Note: I've been using this recipe ever since I can remember.  It was handed down from my mother or grandmother, or both, judging from the use of matzo meal.  For a change of pace, put some sliced ham and grated mozzarella cheese in the center of   the loaf before you roll it up. Always make enough for leftovers! Martha Stewart uses ground pork too, includes grated carrots in the mixture, and tops the loaf with thick-sliced bacon. She bakes the meat loaf alongside potatoes and leeks.

2 lbs ground round
1/2 cp finely chopped green bell peppers
1/4 cp finely chopped onions
1 egg
1/4 cp bread crumbs or matzo meal

3-4 potatoes, skin on, slice into lengths 1/2" thick and 1/2" wide.
Leeks or onions

1. Put ground round in a large bowl.
2. Saute peppers and onions lightly and add to meat with eggs and bread crumbs.
3. Mix well, turn onto a broiler pan, and flatten.
4. If adding ham and cheese do it now.
5. Roll meat up with seam on the bottom.
6. Add onions and bake at 360 degrees about 1 hour.
7. Add potatoes and cook another 1/2 hour or till tender.

2.  Vegetarian Meatloaf

Note: One recipe in Vegetarian Times uses sweet potatoes, carrots, and lentil beans mashed together with some spices. Another vegetarian recipe processes garbanzo beans, brown rice, tofu, and almonds.

The recipe below is adapted from Vegetarian Homestyle Cooking; A Guide to Heart-Healthy Lowfat Eating, by Jeanne Tiberio, MS, RD,  a great source for vegetarian recipes. The price ($16) does not buy glossy pictures, but the recipes are comprehensive, simple, and come with a nutritional analysis.

I selected the recipe below for several reasons.  I am not fond of meat-substitutes, and this one comes closest to my own meatloaf and hamburger mixture: ketchup, egg whites, and bread crumbs, and chopped bell peppers.  It is the only source that offered a meatloaf recipe using Textured Vegetable Protein (TVP) granules, which are higher in soy protein content than the other forms of soy products, including tofu. I was impressed with the results, and it's easy to prepare.  It can be somewhat dry, so a Hunter's Sauce or any of the Meatball Sauces are recommended.  I haven't tried to make meatballs from the recipe; they might need a little more egg white to hold their form. 

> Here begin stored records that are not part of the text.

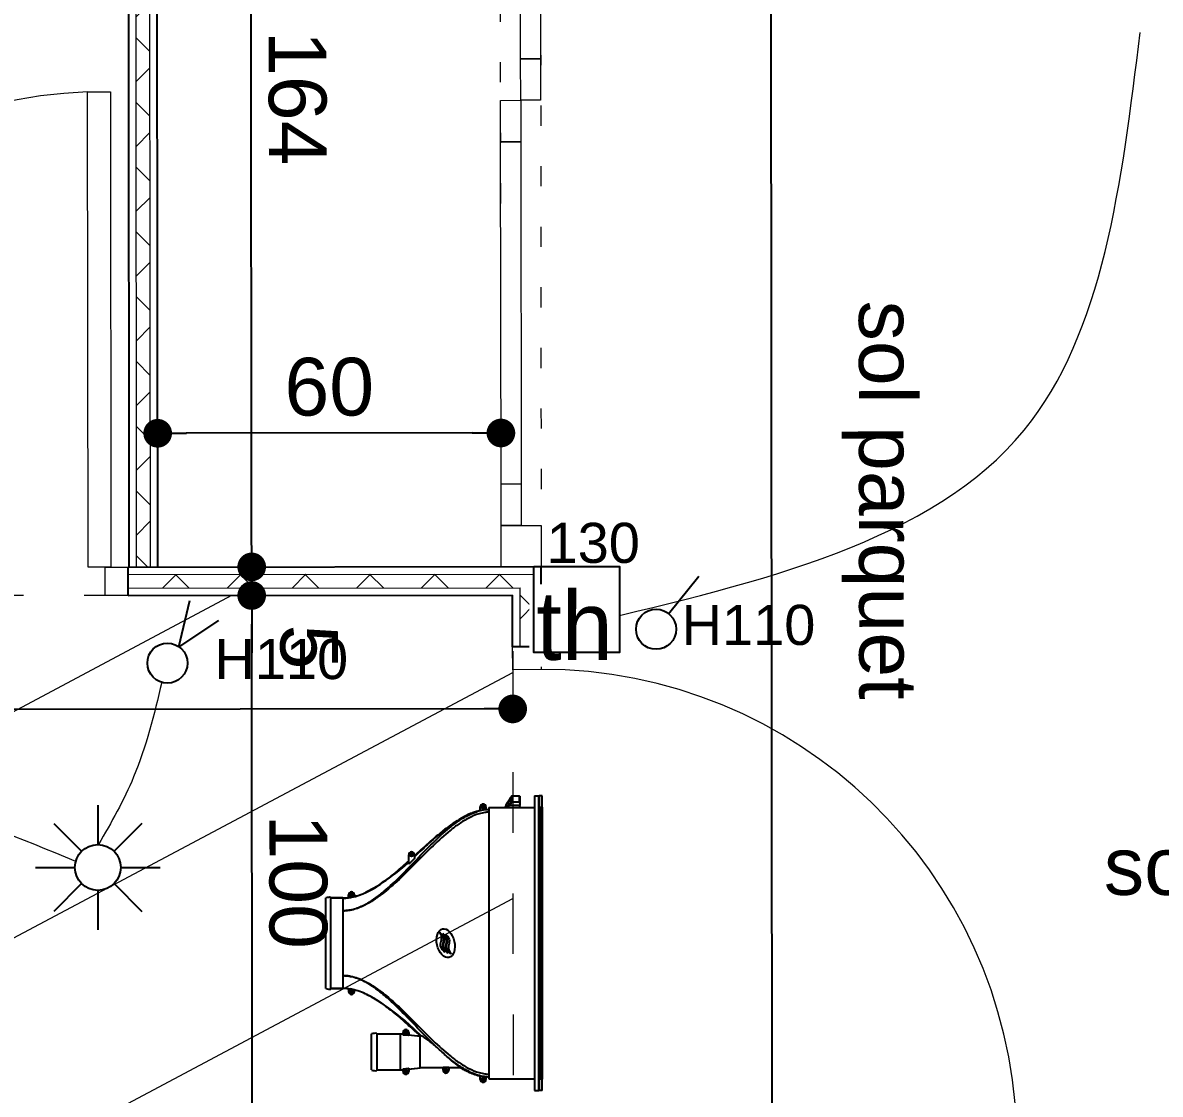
# Model space of a CAD drawing. Header units: centimetres. Extents: x 39595 to 63691, y -25920 to -14518.
# Drawn here: x 55942.4 to 56141.2, y -23747.9 to -23560.8 of the extents above; entities that cross this region are included whole.
import ezdxf

# ---------------------------------------------------------------- set-up
doc = ezdxf.new("R2010")
doc.units = ezdxf.units.CM
doc.header["$LTSCALE"] = 50.8
doc.header["$PDMODE"] = 1
doc.header["$PDSIZE"] = -2
doc.linetypes.add('Style de ligne -1', pattern=[0.41664, 0.20828, -0.20836])
doc.linetypes.add('Style de ligne -5', pattern=[0.20828, 0.069425, -0.138855])
doc.layers.add('3-BAT C-Niveau-3', color=7, linetype='Continuous')
doc.layers.add('prlm-CHAUFF', color=4, linetype='Continuous')
doc.layers.add('prlm-ELEC-CFA', color=1, linetype='Continuous', lineweight=25)
doc.layers.add('prlm-ELEC-CFO', color=1, linetype='Continuous', lineweight=25)
doc.styles.add('Arial', font='arial.ttf')
doc.styles.add('Helvetica', font='arial.ttf')
doc.styles.add('prlm-elec-cfa', font='comic.ttf', dxfattribs={"height": 12})
doc.dimstyles.new('IS', dxfattribs={"dimtxt": 10.08724, "dimasz": 5.007446, "dimexe": 2, "dimexo": 10, "dimgap": 3, "dimtad": 1, "dimdec": 1, "dimtxsty": 'Helvetica', "dimblk": 'DOT', "dimblk1": 'DOT', "dimblk2": 'DOT', "dimcen": 0, "dimdle": 10, "dimazin": 0, "dimtfac": 0.8, "dimtdec": 1, "dimtix": 1, "dimtmove": 0, "dimatfit": 0, "dimldrblk": 'VW_FILLEDARROW-1', "dimfxl": 1, "dimfrac": 2, "dimtolj": 1, "dimarcsym": 0})

# ---------------------------------------------------------------- blocks, each defined once
blk = doc.blocks.new('_DOT')
at = {"color": 0, "linetype": 'ByBlock', "lineweight": -2}
blk.add_line((-0.5, 0), (-1, 0), dxfattribs=at)
at = {"color": 0, "linetype": 'ByBlock', "const_width": 0.5}
blk.add_lwpolyline([(-0.25, 0, 1), (0.25, 0, 1)], format="xyb", close=True, dxfattribs=at)
blk = doc.blocks.new('*D50')
at = {"layer": '3-BAT C-Niveau-3', "color": 0, "linetype": 'Continuous', "lineweight": -2, "transparency": 16777216}
blk.add_line((55982.39, -23650.81), (55982.25, -23497.11), dxfattribs=at)
at = {"layer": 'Defpoints', "color": 0, "linetype": 'Continuous', "transparency": 16777216}
for p in [(55982.24, -23492.1), (55992.74, -23492.09), (56002.9, -23655.8)]:
    blk.add_point(p, dxfattribs=at)
at = {"layer": '3-BAT C-Niveau-3', "color": 0, "linetype": 'Continuous', "lineweight": -2, "transparency": 16777216, "xscale": 5.007446289062499, "yscale": 5.007446289062499, "zscale": 5.007446289062499}
for p, rotation in [((55982.24, -23492.1), 90.05310040590868), ((55982.4, -23655.82), 270.0531004059087)]:
    blk.add_blockref('_DOT', p, dxfattribs=dict(at, rotation=rotation))
at = {"layer": '3-BAT C-Niveau-3', "color": 0, "linetype": 'Continuous', "lineweight": 5, "transparency": 16777216, "insert": (55990.36, -23573.95), "char_height": 10.087, "attachment_point": 5, "rotation": 270.0531, "style": 'Helvetica'}
blk.add_mtext('\\A1;164', dxfattribs=at)
blk = doc.blocks.new('VW_FILLEDARROW-1')
at = {"color": 0, "linetype": 'Continuous', "lineweight": 5, "flags": 128}
blk.add_lwpolyline([(-1.997, 0.535), (0, 0), (-1.997, -0.535)], close=True, dxfattribs=at)
blk = doc.blocks.new('*D51')
at = {"layer": '3-BAT C-Niveau-3', "color": 0, "linetype": 'Continuous', "lineweight": -2, "transparency": 16777216}
for p, q in [((55982.39, -23650.81), (55982.39, -23645.8)), ((55982.4, -23660.82), (55982.4, -23655.82)), ((55982.41, -23665.83), (55982.41, -23670.83))]:
    blk.add_line(p, q, dxfattribs=at)
at = {"layer": 'Defpoints', "color": 0, "linetype": 'Continuous', "transparency": 16777216}
for p in [(55982.4, -23655.82), (56002.9, -23655.8), (55986.4, -23660.81)]:
    blk.add_point(p, dxfattribs=at)
at = {"layer": '3-BAT C-Niveau-3', "color": 0, "linetype": 'Continuous', "lineweight": -2, "transparency": 16777216, "xscale": 5.007446289062499, "yscale": 5.007446289062499, "zscale": 5.007446289062499}
for p, rotation in [((55982.4, -23655.82), 270.0531004059087), ((55982.4, -23660.82), 90.05310040590868)]:
    blk.add_blockref('_DOT', p, dxfattribs=dict(at, rotation=rotation))
at = {"layer": '3-BAT C-Niveau-3', "color": 0, "linetype": 'Continuous', "lineweight": 5, "transparency": 16777216, "insert": (55992.39, -23669.81), "char_height": 10.087, "attachment_point": 5, "rotation": 270.0531, "style": 'Helvetica'}
blk.add_mtext('\\A1;5', dxfattribs=at)
blk = doc.blocks.new('*D52')
at = {"layer": '3-BAT C-Niveau-3', "color": 0, "linetype": 'Continuous', "lineweight": -2, "transparency": 16777216}
blk.add_line((55982.49, -23755.79), (55982.41, -23665.83), dxfattribs=at)
at = {"layer": 'Defpoints', "color": 0, "linetype": 'Continuous', "transparency": 16777216}
for p in [(55982.4, -23660.82), (55986.4, -23660.81), (56012.99, -23760.77)]:
    blk.add_point(p, dxfattribs=at)
at = {"layer": '3-BAT C-Niveau-3', "color": 0, "linetype": 'Continuous', "lineweight": -2, "transparency": 16777216, "xscale": 5.007446289062499, "yscale": 5.007446289062499, "zscale": 5.007446289062499}
for p, rotation in [((55982.4, -23660.82), 90.05310040590868), ((55982.49, -23760.79), 270.0531004059087)]:
    blk.add_blockref('_DOT', p, dxfattribs=dict(at, rotation=rotation))
at = {"layer": '3-BAT C-Niveau-3', "color": 0, "linetype": 'Continuous', "lineweight": 5, "transparency": 16777216, "insert": (55990.49, -23710.8), "char_height": 10.087, "attachment_point": 5, "rotation": 270.0531, "style": 'Helvetica'}
blk.add_mtext('\\A1;100', dxfattribs=at)
blk = doc.blocks.new('*D56')
at = {"layer": '3-BAT C-Niveau-3', "color": 0, "linetype": 'Continuous', "lineweight": -2, "transparency": 16777216}
blk.add_line((56020.96, -23632.43), (55970.97, -23632.48), dxfattribs=at)
at = {"layer": 'Defpoints', "color": 0, "linetype": 'Continuous', "transparency": 16777216}
for p in [(55965.97, -23632.48), (55965.97, -23638.88), (56025.97, -23640.03)]:
    blk.add_point(p, dxfattribs=at)
at = {"layer": '3-BAT C-Niveau-3', "color": 0, "linetype": 'Continuous', "lineweight": -2, "transparency": 16777216, "xscale": 5.007446289062499, "yscale": 5.007446289062499, "zscale": 5.007446289062499}
for p, rotation in [((55965.97, -23632.48), 180.0531004058566), ((56025.96, -23632.43), 0.05310040585661646)]:
    blk.add_blockref('_DOT', p, dxfattribs=dict(at, rotation=rotation))
at = {"layer": '3-BAT C-Niveau-3', "color": 0, "linetype": 'Continuous', "lineweight": 5, "transparency": 16777216, "insert": (55995.96, -23624.41), "char_height": 10.087, "attachment_point": 5, "rotation": 0.0531, "style": 'Helvetica'}
blk.add_mtext('\\A1;60', dxfattribs=at)
blk = doc.blocks.new('*D78')
at = {"layer": '3-BAT C-Niveau-3', "color": 0, "linetype": 'Continuous', "lineweight": -2, "transparency": 16777216}
blk.add_line((56023.02, -23680.63), (55621.72, -23681), dxfattribs=at)
at = {"layer": 'Defpoints', "color": 0, "linetype": 'Continuous', "transparency": 16777216}
for p in [(55616.71, -23681.01), (55616.74, -23708.51), (56028.05, -23710.76)]:
    blk.add_point(p, dxfattribs=at)
at = {"layer": '3-BAT C-Niveau-3', "color": 0, "linetype": 'Continuous', "lineweight": -2, "transparency": 16777216, "xscale": 5.007446289062499, "yscale": 5.007446289062499, "zscale": 5.007446289062499}
for p, rotation in [((55616.71, -23681.01), 180.0531004058566), ((56028.02, -23680.63), 0.05310040585661646)]:
    blk.add_blockref('_DOT', p, dxfattribs=dict(at, rotation=rotation))
at = {"layer": '3-BAT C-Niveau-3', "color": 0, "linetype": 'Continuous', "lineweight": 5, "transparency": 16777216, "insert": (55858.86, -23670.8), "char_height": 10.087, "attachment_point": 5, "rotation": 0.0531, "style": 'Helvetica'}
blk.add_mtext('\\A1;411', dxfattribs=at)
blk = doc.blocks.new('*D88')
at = {"layer": '3-BAT C-Niveau-3', "color": 0, "linetype": 'Continuous', "lineweight": -2, "transparency": 16777216}
blk.add_line((56073.4, -23755.73), (56073, -23328.28), dxfattribs=at)
at = {"layer": 'Defpoints', "color": 0, "linetype": 'Continuous', "transparency": 16777216}
for p in [(56073, -23323.28), (56080.19, -23323.27), (56133.56, -23760.68)]:
    blk.add_point(p, dxfattribs=at)
at = {"layer": '3-BAT C-Niveau-3', "color": 0, "linetype": 'Continuous', "lineweight": -2, "transparency": 16777216, "xscale": 5.007446289062499, "yscale": 5.007446289062499, "zscale": 5.007446289062499}
for p, rotation in [((56073, -23323.28), 90.05310040590868), ((56073.4, -23760.73), 270.0531004059087)]:
    blk.add_blockref('_DOT', p, dxfattribs=dict(at, rotation=rotation))
at = {"layer": '3-BAT C-Niveau-3', "color": 0, "linetype": 'Continuous', "lineweight": 5, "transparency": 16777216, "insert": (56081.24, -23542), "char_height": 10.087, "attachment_point": 5, "rotation": 270.0531, "style": 'Helvetica'}
blk.add_mtext('\\A1;437', dxfattribs=at)
blk = doc.blocks.new('xi.VV')
at = {"layer": 'prlm-ELEC-CFO', "color": 0}
blk.add_lwpolyline([(6.95, 3.42), (0.01, -1.13), (1.91, 6.95)], dxfattribs=at)
blk.add_circle((-2, -4), 3.5, dxfattribs=at)
blk = doc.blocks.new('xi.SPOT')
at = {"color": 0, "lineweight": 5}
blk.add_wipeout([(-4, 0), (-2.83, -2.83), (0, -4), (2.83, -2.83), (4, 0), (2.83, 2.83), (0, 4), (-2.83, 2.83)], dxfattribs=at).dxf.layer = 'prlm-ELEC-CFO'
at = {"layer": 'prlm-ELEC-CFO', "color": 0, "linetype": 'ByBlock', "lineweight": -2, "flags": 128}
for points in [[(0, 10.88), (0, 4)], [(-7.69, 7.69), (-2.83, 2.83)], [(7.69, 7.69), (2.83, 2.83)], [(-10.88, 0), (-4, 0)], [(4, 0), (10.88, 0)], [(-2.83, -2.83), (-7.69, -7.69)], [(2.83, -2.83), (7.69, -7.69)], [(0, -4), (0, -10.88)]]:
    blk.add_lwpolyline(points, dxfattribs=at)
at = {"layer": 'prlm-ELEC-CFO', "color": 0, "linetype": 'ByBlock', "lineweight": -2}
blk.add_circle((0, 0), 4, dxfattribs=at)
blk = doc.blocks.new('xi.SA')
at = {"layer": 'prlm-ELEC-CFO', "color": 0}
blk.add_lwpolyline([(0.2, -1.28), (5.5, 5.28)], dxfattribs=at)
blk.add_circle((-2, -4), 3.5, dxfattribs=at)
blk = doc.blocks.new('Groupe-17-1')
at = {"color": 7, "linetype": 'Style de ligne -5', "lineweight": 5, "flags": 128}
blk.add_lwpolyline([(17291.57, -45794.3), (17261.1, -45633.41), (17267.98, -45632.11), (17298.45, -45793)], close=True, dxfattribs=at)
at = {"color": 7, "linetype": 'Continuous', "lineweight": 18, "flags": 128}
for points in [[(17262.45, -45640.52), (17261.1, -45633.41), (17267.98, -45632.11), (17269.32, -45639.22)], [(17267.23, -45646.97), (17265.88, -45639.87), (17269.32, -45639.22), (17270.67, -45646.32)], [(17278.5, -45706.48), (17267.23, -45646.97), (17270.67, -45646.32), (17281.94, -45705.83)], [(17279.85, -45713.59), (17278.5, -45706.48), (17281.94, -45705.83), (17283.28, -45712.94)], [(17277.75, -45721.35), (17276.41, -45714.24), (17279.85, -45713.59), (17281.19, -45720.7)], [(17288.88, -45780.09), (17277.75, -45721.35), (17281.19, -45720.7), (17292.32, -45779.43)], [(17290.22, -45787.19), (17288.88, -45780.09), (17292.32, -45779.43), (17293.66, -45786.54)], [(17291.57, -45794.3), (17290.22, -45787.19), (17297.1, -45785.89), (17298.45, -45793)]]:
    blk.add_lwpolyline(points, close=True, dxfattribs=at)
blk = doc.blocks.new('Sol parquet')
at = {"color": 7, "insert": (0, -0.78), "char_height": 10.0872, "attachment_point": 2, "line_spacing_factor": 0.834288, "style": 'Helvetica'}
blk.add_mtext('sol parquet', dxfattribs=at)
blk = doc.blocks.new('Sol carrelage')
at = {"color": 7, "insert": (0, -0.78), "char_height": 10.0872, "attachment_point": 2, "line_spacing_factor": 0.834288, "style": 'Helvetica'}
blk.add_mtext('sol carrelage', dxfattribs=at)

msp = doc.modelspace()

# ---------------------------------------------------------------- hatches: boundary and pattern name
at = {"linetype": 'Continuous', "lineweight": 5, "true_color": 0x808080}
h = msp.add_hatch(dxfattribs=at)
h.set_pattern_fill('02_ISOLANT', color=8, angle=90.0495, style=0, pattern_type=2)
h.set_pattern_definition([(135.049506, (47512.718, 24548.3464), (-5.6519644, -5.6617399), []), (225.049506, (47512.718, 24548.3464), (-5.6617399, 5.6519644), [])])
h.paths.add_polyline_path([(55962.29, -23655.84), (55964.69, -23655.84), (55964.55, -23490.81), (55962.14, -23488.42)])
h = msp.add_hatch(dxfattribs=at)
h.set_pattern_fill('02_ISOLANT', color=8, angle=0.0531, style=0, pattern_type=2)
h.set_pattern_definition([(45.0531, (47512.718, 24548.3464), (-5.6620945, 5.6516092), []), (135.0531, (47512.718, 24548.3464), (5.6516092, 5.6620945), [])])
h.paths.add_polyline_path([(55960.8, -23657.14), (55960.8, -23659.54), (56029.3, -23659.47), (56031.7, -23657.07)])
h = msp.add_hatch(dxfattribs=at)
h.set_pattern_fill('02_ISOLANT', color=8, angle=90.0531, style=0, pattern_type=2)
h.set_pattern_definition([(135.0531, (47512.718, 24548.3464), (-5.6516092, -5.6620945), []), (225.0531, (47512.718, 24548.3464), (-5.6620945, 5.6516092), [])])
h.paths.add_polyline_path([(56029.31, -23669.77), (56031.71, -23669.77), (56031.7, -23657.07), (56029.3, -23659.47)])
at = {"linetype": 'Continuous', "lineweight": 18, "true_color": 0xa0a0a4}
h = msp.add_hatch(dxfattribs=at)
h.set_pattern_fill('BA 13', color=253, angle=-10.6705, style=0, pattern_type=2)
h.set_pattern_definition([(207.98931, (47512.718, 24548.346), (-14.252246, 31.966756), [])])
h.paths.add_polyline_path([(55897.59, -23760.9), (55897.74, -23931.31), (55806.39, -23931.4), (55806.23, -23760.98), (55616.79, -23761.16), (55616.69, -23660.93), (55816.59, -23660.75), (55816.59, -23660.76), (56028.01, -23660.78), (56028.1, -23760.75)])
h.paths.add_polyline_path([(55897.58, -23758.51), (55897.58, -23759.35), (55897.58, -23758.51)])

# ---------------------------------------------------------------- linework, layer by layer
at = {"color": 7, "linetype": 'Continuous', "lineweight": 5}
for p, q in [((55960.99, -23655.84), (55960.84, -23487.12)), ((55962.29, -23655.84), (55962.14, -23488.42)), ((55962.29, -23655.84), (55962.14, -23488.42)), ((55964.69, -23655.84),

Follow instructions for hydrating the TVP granules and use for making tacos or stuffing for vegetables.   

1 cp dry TVP granules (or, substitute ground forms of TVP)
1 cp boiling water (or vegetable broth)
1 small or 1/2 large green pepper
1/4 cp grated raw carrot
1 T olive oil

1 cp uncooked oatmeal
1/4 cp BBQ sauce (low fat types) or ketchup
1/2 cp bread crumbs
1/4 cp nonfat egg substitute
1 t basil
1/2 t salt (omit if using broth)
1 t dried minced onions (opt)
dash of pepper
nonfat cooking spray

1. Preheat oven to 350. Spray 8 x 14-inch loaf pan with cooking spray.
2. In mixing bowl, add TVP to boiling water and let stand 15 minutes.
3. Meanwhile, saute green pepper in oil and grate the carrot.
4. Add TVP to vegetables and saute till a little browned. Add a little water if necessary.
5. Remove from heat and add remaining ingredients. Stir well to blend; spoon into prepared loaf pan.
6. Bake 40-45 minutes. Cover with tin foil the last 15 minutes if the edges brown too quickly.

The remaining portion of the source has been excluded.